> _Input material_:
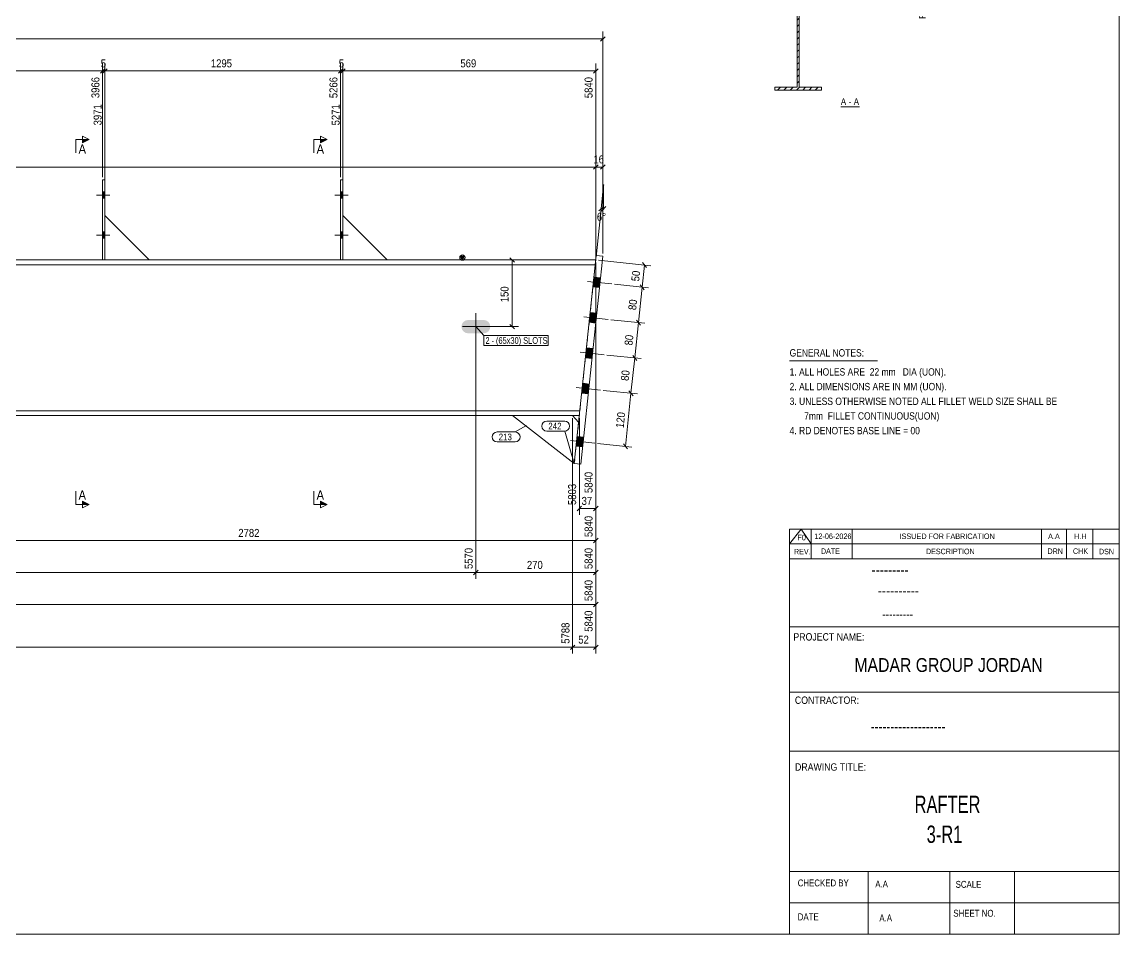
# Model space of a CAD drawing. Header units: millimetres. Extents: x 2 to 825, y 1 to 579.
# Drawn here: x 413.7 to 825, y 5 to 346.9 of the extents above; entities that cross this region are included whole.
import ezdxf

# ---------------------------------------------------------------- set-up
doc = ezdxf.new("R2010")
doc.units = ezdxf.units.MM
doc.linetypes.add('XKITLINE00', pattern=[0])
doc.linetypes.add('XKITLINE01', pattern=[4, 1, -1, 1, -1])
for name, color, linetype, lineweight in [('Bolt', 3, 'Continuous', 0), ('BoltMark', 7, 'Continuous', 0), ('Dimensions', 7, 'Continuous', 0), ('DrawingSheet', 5, 'Continuous', 0), ('OtherObjectType', 7, 'Continuous', 0), ('Part', 2, 'Continuous', 0), ('PartMark', 7, 'Continuous', 0), ('Section', 6, 'Continuous', 0)]:
    doc.layers.add(name, color=color, linetype=linetype, lineweight=lineweight)
doc.styles.add('@ARIAL_UNICODE_MS_BOLD', font='ARIAL.TTF')
doc.styles.add('ARIAL', font='ARIAL.TTF')
doc.styles.add('ARIAL_NARROW', font='ARIALN.TTF')
doc.styles.add('COMIC_SANS_MS_BOLD', font='COMICBD.TTF')
doc.styles.add('SWIS721_EX_BT', font='ARIAL.TTF')
doc.styles.add('SWISSE', font='ARIAL.TTF')

# ---------------------------------------------------------------- blocks, each defined once
blk = doc.blocks.new('*A1')
at = {"layer": 'Part', "color": 7, "linetype": 'XKITLINE00', "lineweight": 0}
for p, q in [((695.98, 355.64), (696.62, 356.28)), ((697.88, 355.18), (698.98, 356.28)), ((700.24, 355.18), (701.34, 356.28)), ((702.59, 355.18), (703.69, 356.28)), ((704.38, 354.61), (706.05, 356.28)), ((707.31, 355.18), (708.41, 356.28)), ((709.67, 355.18), (710.77, 356.28)), ((712.02, 355.18), (713.12, 356.28)), ((704.38, 352.25), (705.08, 352.95)), ((704.38, 349.89), (705.08, 350.59)), ((704.38, 347.54), (705.08, 348.24)), ((704.38, 345.18), (705.08, 345.88)), ((704.38, 342.82), (705.08, 343.52)), ((704.38, 340.46), (705.08, 341.16)), ((704.38, 338.11), (705.08, 338.81)), ((704.38, 335.75), (705.08, 336.45)), ((704.38, 333.39), (705.08, 334.09)), ((704.38, 331.03), (705.08, 331.73)), ((704.38, 328.68), (705.08, 329.38)), ((704.38, 326.32), (705.08, 327.02)), ((696.98, 321.28), (698.08, 322.38)), ((699.34, 321.28), (700.44, 322.38)), ((701.7, 321.28), (702.8, 322.38)), ((704.05, 321.28), (705.15, 322.38)), ((704.38, 323.96), (705.08, 324.66)), ((706.41, 321.28), (707.51, 322.38)), ((708.77, 321.28), (709.87, 322.38)), ((711.13, 321.28), (712.23, 322.38))]:
    blk.add_line(p, q, dxfattribs=at)
blk = doc.blocks.new('*A3')
at = {"layer": 'Bolt'}
blk.add_hatch(color=3, dxfattribs=at).paths.add_polyline_path([(578.64, 231.71), (578.45, 232.66), (578.64, 233.62), (579.19, 234.43), (580, 234.97), (580.95, 235.16), (586.79, 235.16), (587.74, 234.97), (588.56, 234.43), (589.1, 233.62), (589.29, 232.66), (589.1, 231.71), (588.56, 230.89), (587.74, 230.35), (586.79, 230.16), (580.95, 230.16), (580, 230.35), (579.19, 230.89)], flags=17)
at = {"layer": 'Bolt', "color": 3, "linetype": 'XKITLINE00', "lineweight": 0}
for p, q in [((583.87, 227.66), (583.87, 237.66)), ((588.87, 232.66), (578.87, 232.66))]:
    blk.add_line(p, q, dxfattribs=at)
blk = doc.blocks.new('*A7')
at = {"layer": 'Bolt'}
for points in [[(443.94, 283.16), (444.77, 283.16), (444.77, 280.83), (443.94, 280.83)], [(443.94, 283.16), (444.77, 283.16), (444.77, 280.83), (443.94, 280.83)], [(443.94, 268.16), (444.77, 268.16), (444.77, 265.83), (443.94, 265.83)], [(443.94, 268.16), (444.77, 268.16), (444.77, 265.83), (443.94, 265.83)]]:
    blk.add_hatch(color=3, dxfattribs=at).paths.add_polyline_path(points, flags=17)
at = {"layer": 'Bolt', "color": 3, "linetype": 'XKITLINE00', "lineweight": 0}
for p, q in [((446.7, 282), (441.7, 282)), ((446.7, 282), (441.7, 282)), ((444.77, 283.16), (443.94, 283.16)), ((444.77, 283.16), (443.94, 283.16)), ((444.77, 280.83), (443.94, 280.83)), ((444.77, 280.83), (443.94, 280.83)), ((444.77, 268.16), (443.94, 268.16)), ((444.77, 268.16), (443.94, 268.16)), ((446.7, 267), (441.7, 267)), ((446.7, 267), (441.7, 267)), ((444.77, 265.83), (443.94, 265.83)), ((444.77, 265.83), (443.94, 265.83))]:
    blk.add_line(p, q, dxfattribs=at)
blk = doc.blocks.new('*A8')
at = {"layer": 'Bolt'}
for points in [[(533.17, 283.16), (534, 283.16), (534, 280.83), (533.17, 280.83)], [(533.17, 283.16), (534, 283.16), (534, 280.83), (533.17, 280.83)], [(533.17, 268.16), (534, 268.16), (534, 265.83), (533.17, 265.83)], [(533.17, 268.16), (534, 268.16), (534, 265.83), (533.17, 265.83)]]:
    blk.add_hatch(color=3, dxfattribs=at).paths.add_polyline_path(points, flags=17)
at = {"layer": 'Bolt', "color": 3, "linetype": 'XKITLINE00', "lineweight": 0}
for p, q in [((535.94, 282), (530.94, 282)), ((535.94, 282), (530.94, 282)), ((534, 283.16), (533.17, 283.16)), ((534, 283.16), (533.17, 283.16)), ((534, 280.83), (533.17, 280.83)), ((534, 280.83), (533.17, 280.83)), ((534, 268.16), (533.17, 268.16)), ((534, 268.16), (533.17, 268.16)), ((535.94, 267), (530.94, 267)), ((535.94, 267), (530.94, 267)), ((534, 265.83), (533.17, 265.83)), ((534, 265.83), (533.17, 265.83))]:
    blk.add_line(p, q, dxfattribs=at)
blk = doc.blocks.new('*A9')
at = {"layer": 'Bolt'}
for points in [[(630.24, 247.29), (627.75, 247.55), (628.13, 251.2), (630.62, 250.94)], [(630.24, 247.29), (627.75, 247.55), (628.13, 251.2), (630.62, 250.94)], [(628.84, 234.03), (626.35, 234.29), (626.73, 237.94), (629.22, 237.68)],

> _Task to carry out_: For the string "blocks", work out how many lines of the data contain it; answer with the number alone.

> _Worked solution_: 6